Breaking Token Into Concepts: Exploring Extreme Compression in Token Representation Via Compositional Shared Semantics
This addresses the need for more efficient and semantically rich token representations in NLP, offering a novel approach with broad applicability, though it builds on existing techniques like Product Quantization.
The paper tackled the problem of monolithic token embeddings in language models by proposing Aggregate Semantic Grouping (ASG), a compositional representation method, which achieved extreme compression of embedding parameters to 0.4-0.5% while maintaining over 95% task performance across diverse benchmarks.
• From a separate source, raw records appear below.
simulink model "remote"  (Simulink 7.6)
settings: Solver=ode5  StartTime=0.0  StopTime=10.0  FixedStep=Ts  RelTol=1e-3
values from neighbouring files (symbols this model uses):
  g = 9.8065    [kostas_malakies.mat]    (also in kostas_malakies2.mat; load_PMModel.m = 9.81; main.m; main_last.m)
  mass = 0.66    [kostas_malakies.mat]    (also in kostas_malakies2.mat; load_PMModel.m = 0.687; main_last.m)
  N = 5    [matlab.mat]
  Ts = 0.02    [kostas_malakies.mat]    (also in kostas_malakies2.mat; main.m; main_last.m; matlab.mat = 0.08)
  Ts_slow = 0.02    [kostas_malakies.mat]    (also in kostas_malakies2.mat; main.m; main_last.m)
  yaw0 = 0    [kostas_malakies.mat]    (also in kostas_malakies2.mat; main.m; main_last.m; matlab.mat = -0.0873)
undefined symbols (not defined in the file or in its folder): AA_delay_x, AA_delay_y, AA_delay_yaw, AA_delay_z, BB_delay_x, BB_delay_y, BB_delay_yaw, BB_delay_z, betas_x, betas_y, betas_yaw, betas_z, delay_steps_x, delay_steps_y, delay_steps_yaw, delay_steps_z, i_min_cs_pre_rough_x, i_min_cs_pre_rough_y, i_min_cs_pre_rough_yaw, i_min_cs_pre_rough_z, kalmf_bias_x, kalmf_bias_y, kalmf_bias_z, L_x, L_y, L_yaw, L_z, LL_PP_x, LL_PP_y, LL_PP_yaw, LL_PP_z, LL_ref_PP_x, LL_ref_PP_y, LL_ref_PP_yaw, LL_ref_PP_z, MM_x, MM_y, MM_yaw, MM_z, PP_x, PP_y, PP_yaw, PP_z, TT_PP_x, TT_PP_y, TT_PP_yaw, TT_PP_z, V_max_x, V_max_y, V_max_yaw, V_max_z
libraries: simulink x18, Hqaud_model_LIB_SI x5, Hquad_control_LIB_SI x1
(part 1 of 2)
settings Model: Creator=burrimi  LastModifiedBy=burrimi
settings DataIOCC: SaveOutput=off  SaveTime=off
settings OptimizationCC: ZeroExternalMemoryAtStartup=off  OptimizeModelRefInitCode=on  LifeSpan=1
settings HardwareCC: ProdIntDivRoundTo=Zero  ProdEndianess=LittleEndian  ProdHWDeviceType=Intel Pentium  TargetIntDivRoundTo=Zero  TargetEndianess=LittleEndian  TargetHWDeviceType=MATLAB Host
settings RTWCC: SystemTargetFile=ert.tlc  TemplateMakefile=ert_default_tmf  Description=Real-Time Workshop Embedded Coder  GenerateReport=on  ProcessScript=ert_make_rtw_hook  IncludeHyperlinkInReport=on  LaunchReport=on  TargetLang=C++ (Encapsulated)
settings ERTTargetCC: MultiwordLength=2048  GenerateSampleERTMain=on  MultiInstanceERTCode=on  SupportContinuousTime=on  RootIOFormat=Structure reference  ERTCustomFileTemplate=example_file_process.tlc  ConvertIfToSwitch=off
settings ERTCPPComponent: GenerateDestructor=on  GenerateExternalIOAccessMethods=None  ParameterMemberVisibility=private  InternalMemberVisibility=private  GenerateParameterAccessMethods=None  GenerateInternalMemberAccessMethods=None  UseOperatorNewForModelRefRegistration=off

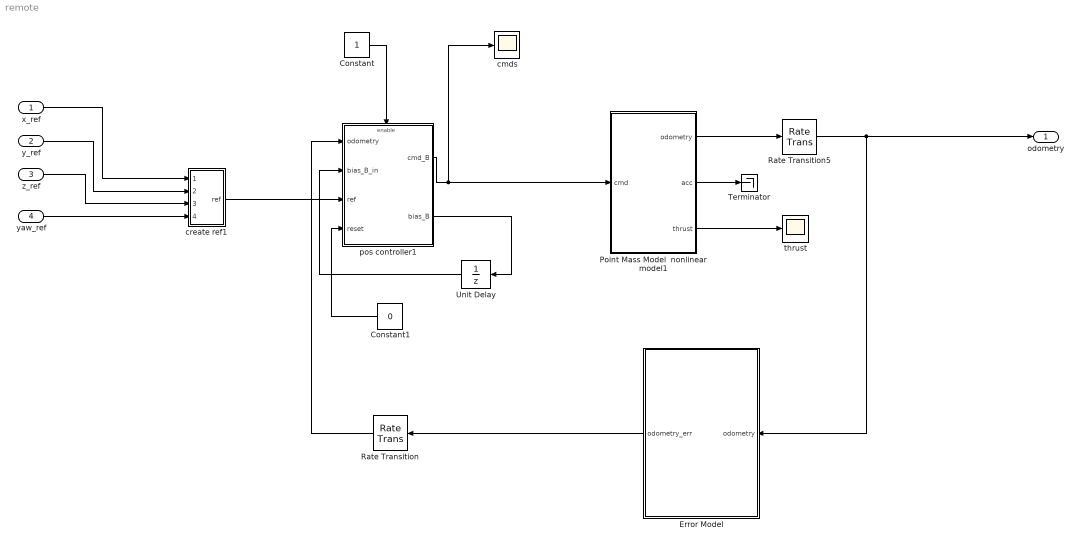
== system remote ==
  x_ref : Inport  PortDimensions=1  SampleTime=Ts
  y_ref : Inport  Port=2  PortDimensions=1  SampleTime=Ts
  z_ref : Inport  Port=3  PortDimensions=1  SampleTime=Ts
  yaw_ref : Inport  Port=4  PortDimensions=1  SampleTime=Ts
  Constant : Constant
  Constant1 : Constant  Value=0
  Error Model : Subsystem
  Point Mass Model  nonlinear model1 : Subsystem  AncestorBlock="Hqaud_model_LIB_SI/Point Mass Model  nonlinear model"
  Rate Transition : RateTransition  OutPortSampleTime=Ts
  Rate Transition5 : RateTransition  OutPortSampleTime=Ts_slow
  Terminator : Terminator
  Unit Delay : UnitDelay  SampleTime=-1
  cmds : Scope
      settings: TimeRange=39.996  YMin=-3  YMax=1
  create ref1 : Subsystem
  pos controller1 : Subsystem  AncestorBlock=Hquad_control_LIB_SI/pos controller
  thrust : Scope
      settings: TimeRange=40  YMin=113.9130434782609  YMax=138.2608695652174
  odometry : Outport  SampleTime=Ts
  wires:
  Point Mass Model  nonlinear model1/3("thrust   ") -> thrust/1
  pos controller1/1(cmd_B) -> cmds/1, Point Mass Model  nonlinear model1/1(cmd)
  Constant/1 -> pos controller1/Enable
  Point Mass Model  nonlinear model1/2(acc) -> Terminator/1
  Constant1/1 -> pos controller1/4(reset)
  Point Mass Model  nonlinear model1/1(odometry) -> Rate Transition5/1
  Rate Transition/1 -> pos controller1/1(odometry)
  Rate Transition5/1 -> odometry/1, Error Model/1(odometry)
  x_ref/1 -> create ref1/1(x_ref)
  y_ref/1 -> create ref1/2(y_ref)
  z_ref/1 -> create ref1/3(z_ref)
  yaw_ref/1 -> create ref1/4(yaw_ref)
  create ref1/1(ref) -> pos controller1/3(ref)
  pos controller1/2(bias_B) -> Unit Delay/1
  Unit Delay/1 -> pos controller1/2(bias_B_in)
  Error Model/1(odometry_err) -> Rate Transition/1

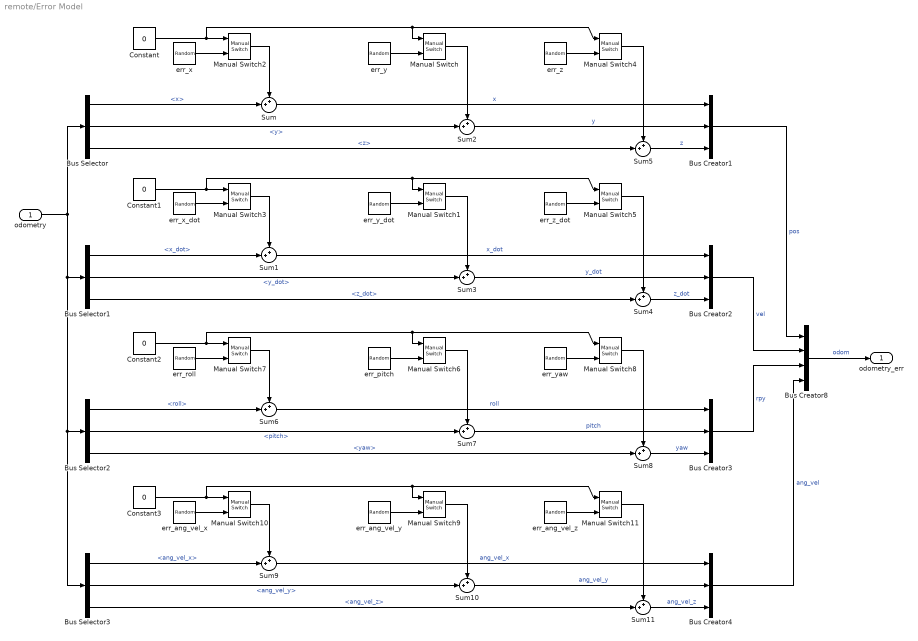
== system remote/Error Model ==
  odometry : Inport
  Bus Creator{1..4} (4 alike) : BusCreator  Inputs=3
  Bus Creator8 : BusCreator
  Bus Selector : BusSelector  OutputSignals=pos.x,pos.y,pos.z
  Bus Selector1 : BusSelector  OutputSignals=vel.x_dot,vel.y_dot,vel.z_dot
  Bus Selector2 : BusSelector  OutputSignals=rpy.roll,rpy.pitch,rpy.yaw
  Bus Selector3 : BusSelector  OutputSignals=ang_vel.ang_vel_x,ang_vel.ang_vel_y,ang_vel.ang_vel_z
  Constant{,1..3} (4 alike) : Constant  Value=0
  Manual Switch{,1..11} (12 alike) : simulink/Signal Routing/Manual Switch  SystemSampleTime=-1  sw=1  action=0  varsize=off
  Sum{,1..11} (12 alike) : Sum  Inputs=++|  SampleTime=Ts_slow
  err_ang_vel_x : RandomNumber  Variance=0.0001  SampleTime=Ts_slow
  err_ang_vel_y : RandomNumber  Variance=0.0001  SampleTime=Ts_slow
  err_ang_vel_z : RandomNumber  Variance=0.0001  SampleTime=Ts_slow
  err_pitch : RandomNumber  Variance=0.0001  SampleTime=Ts_slow
  err_roll : RandomNumber  Variance=0.0001  SampleTime=Ts_slow
  err_x : RandomNumber  Variance=0.000707  SampleTime=Ts_slow
  err_x_dot : RandomNumber  Variance=0.0001  SampleTime=Ts_slow
  err_y : RandomNumber  Variance=0.000707  SampleTime=Ts_slow
  err_y_dot : RandomNumber  Variance=0.0001  SampleTime=Ts_slow
  err_yaw : RandomNumber  Variance=0.0001  SampleTime=Ts_slow
  err_z : RandomNumber  Variance=0.000707  SampleTime=Ts_slow
  err_z_dot : RandomNumber  Variance=0.0001  SampleTime=Ts_slow
  odometry_err : Outport
  wires:
  err_z/1 -> Manual Switch4/2
  Manual Switch4/1 -> Sum5/1
  err_y/1 -> Manual Switch/2
  Manual Switch/1 -> Sum2/1
  err_x/1 -> Manual Switch2/2
  Manual Switch2/1 -> Sum/1
  Sum/1 -> Bus Creator1/1  "x"
  Bus Creator1/1 -> Bus Creator8/1  "pos"
  Sum2/1 -> Bus Creator1/2  "y"
  Sum5/1 -> Bus Creator1/3  "z"
  odometry/1 -> Bus Selector/1, Bus Selector2/1, Bus Selector3/1, Bus Selector1/1
  Bus Selector/1 -> Sum/2  "<x>"
  Bus Selector/2 -> Sum2/2  "<y>"
  Bus Selector/3 -> Sum5/2  "<z>"
  Constant/1 -> Manual Switch2/1, Manual Switch/1, Manual Switch4/1
  err_z_dot/1 -> Manual Switch5/2
  Manual Switch5/1 -> Sum4/1
  err_y_dot/1 -> Manual Switch1/2
  Manual Switch1/1 -> Sum3/1
  err_x_dot/1 -> Manual Switch3/2
  Manual Switch3/1 -> Sum1/1
  Sum1/1 -> Bus Creator2/1  "x_dot"
  Sum3/1 -> Bus Creator2/2  "y_dot"
  Sum4/1 -> Bus Creator2/3  "z_dot"
  Bus Selector1/1 -> Sum1/2  "<x_dot>"
  Bus Selector1/2 -> Sum3/2  "<y_dot>"
  Bus Selector1/3 -> Sum4/2  "<z_dot>"
  Constant1/1 -> Manual Switch3/1, Manual Switch1/1, Manual Switch5/1
  Bus Creator2/1 -> Bus Creator8/2  "vel"
  err_yaw/1 -> Manual Switch8/2
  Manual Switch8/1 -> Sum8/1
  err_pitch/1 -> Manual Switch6/2
  Manual Switch6/1 -> Sum7/1
  err_roll/1 -> Manual Switch7/2
  Manual Switch7/1 -> Sum6/1
  Sum6/1 -> Bus Creator3/1  "roll"
  Sum7/1 -> Bus Creator3/2  "pitch"
  Sum8/1 -> Bus Creator3/3  "yaw"
  Bus Selector2/1 -> Sum6/2  "<roll>"
  Bus Selector2/2 -> Sum7/2  "<pitch>"
  Bus Selector2/3 -> Sum8/2  "<yaw>"
  Constant2/1 -> Manual Switch7/1, Manual Switch6/1, Manual Switch8/1
  Bus Creator3/1 -> Bus Creator8/3  "rpy"
  err_ang_vel_z/1 -> Manual Switch11/2
  Manual Switch11/1 -> Sum11/1
  err_ang_vel_y/1 -> Manual Switch9/2
  Manual Switch9/1 -> Sum10/1
  err_ang_vel_x/1 -> Manual Switch10/2
  Manual Switch10/1 -> Sum9/1
  Sum9/1 -> Bus Creator4/1  "ang_vel_x"
  Sum10/1 -> Bus Creator4/2  "ang_vel_y"
  Sum11/1 -> Bus Creator4/3  "ang_vel_z"
  Bus Selector3/1 -> Sum9/2  "<ang_vel_x>"
  Bus Selector3/2 -> Sum10/2  "<ang_vel_y>"
  Bus Selector3/3 -> Sum11/2  "<ang_vel_z>"
  Constant3/1 -> Manual Switch10/1, Manual Switch9/1, Manual Switch11/1
  Bus Creator4/1 -> Bus Creator8/4  "ang_vel"
  Bus Creator8/1 -> odometry_err/1  "odom"

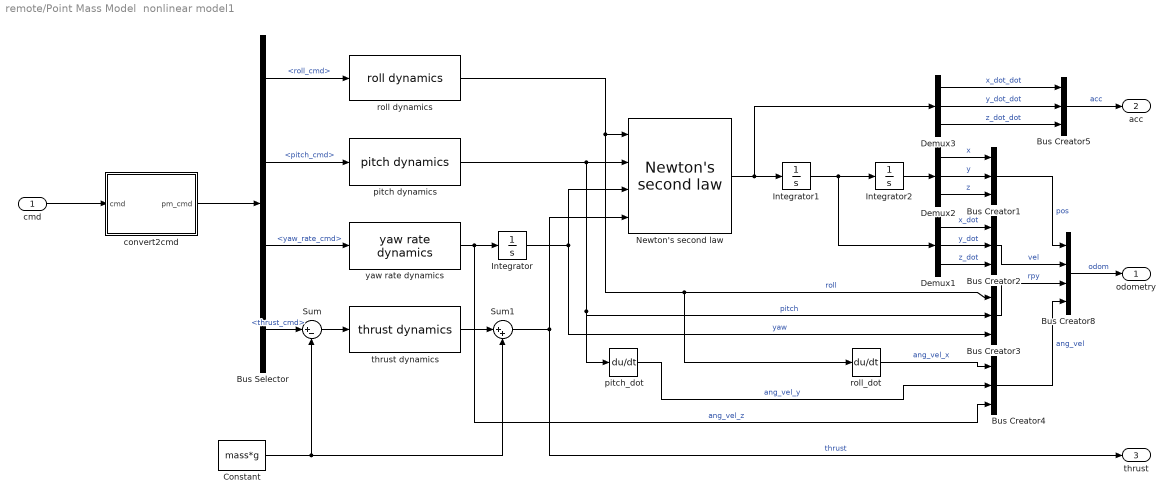
== system remote/Point Mass Model  nonlinear model1 ==
  cmd : Inport
  Bus Creator{1..5} (5 alike) : BusCreator  Inputs=3
  Bus Creator8 : BusCreator
  Bus Selector : BusSelector  OutputSignals=roll_cmd,pitch_cmd,yaw_rate_cmd,thrust_cmd
  Constant : Constant  Value=mass*g
  Demux1 : Demux  Outputs=3
  Demux2 : Demux  Outputs=3
  Demux3 : Demux  Outputs=3
  Integrator : Integrator  InitialCondition=yaw0
  Integrator1 : Integrator
  Integrator2 : Integrator
  "Newton's second law  " : Hqaud_model_LIB_SI/Newton's second law    SystemSampleTime=-1
  Sum : Sum  Inputs=|+-
  Sum1 : Sum  Inputs=|++
  convert2cmd : Subsystem
  "pitch dynamics  " : Hqaud_model_LIB_SI/pitch dynamics    SystemSampleTime=-1
  pitch_dot : Derivative
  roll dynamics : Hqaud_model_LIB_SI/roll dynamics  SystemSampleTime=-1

Standard language models employ unique, monolithic embeddings for each token, potentially limiting their ability to capture the multifaceted nature of word meanings. We investigate whether tokens can be more effectively represented through a compositional structure that accumulates diverse semantic facets. To explore this, we propose Aggregate Semantic Grouping (ASG), a novel approach leveraging Product Quantization (PQ). We apply ASG to standard transformer architectures (mBERT, XLM-R, mT5) and evaluate this representational scheme across diverse tasks (NLI, NER, QA), as well as a biomedical domain-specific benchmark (BC5CDR) using BioBERT. Our findings demonstrate that representing tokens compositionally via ASG achieves extreme compression in embedding parameters (0.4--0.5\%) while maintaining $>$95\% task performance relative to the base model, even in generative tasks and extends to both cross lingual transfer and domain-specific settings. These results validate the principle that tokens can be effectively modeled as combinations of shared semantic building blocks. ASG offers a simple yet concrete method for achieving this, showcasing how compositional representations can capture linguistic richness while enabling compact yet semantically rich models.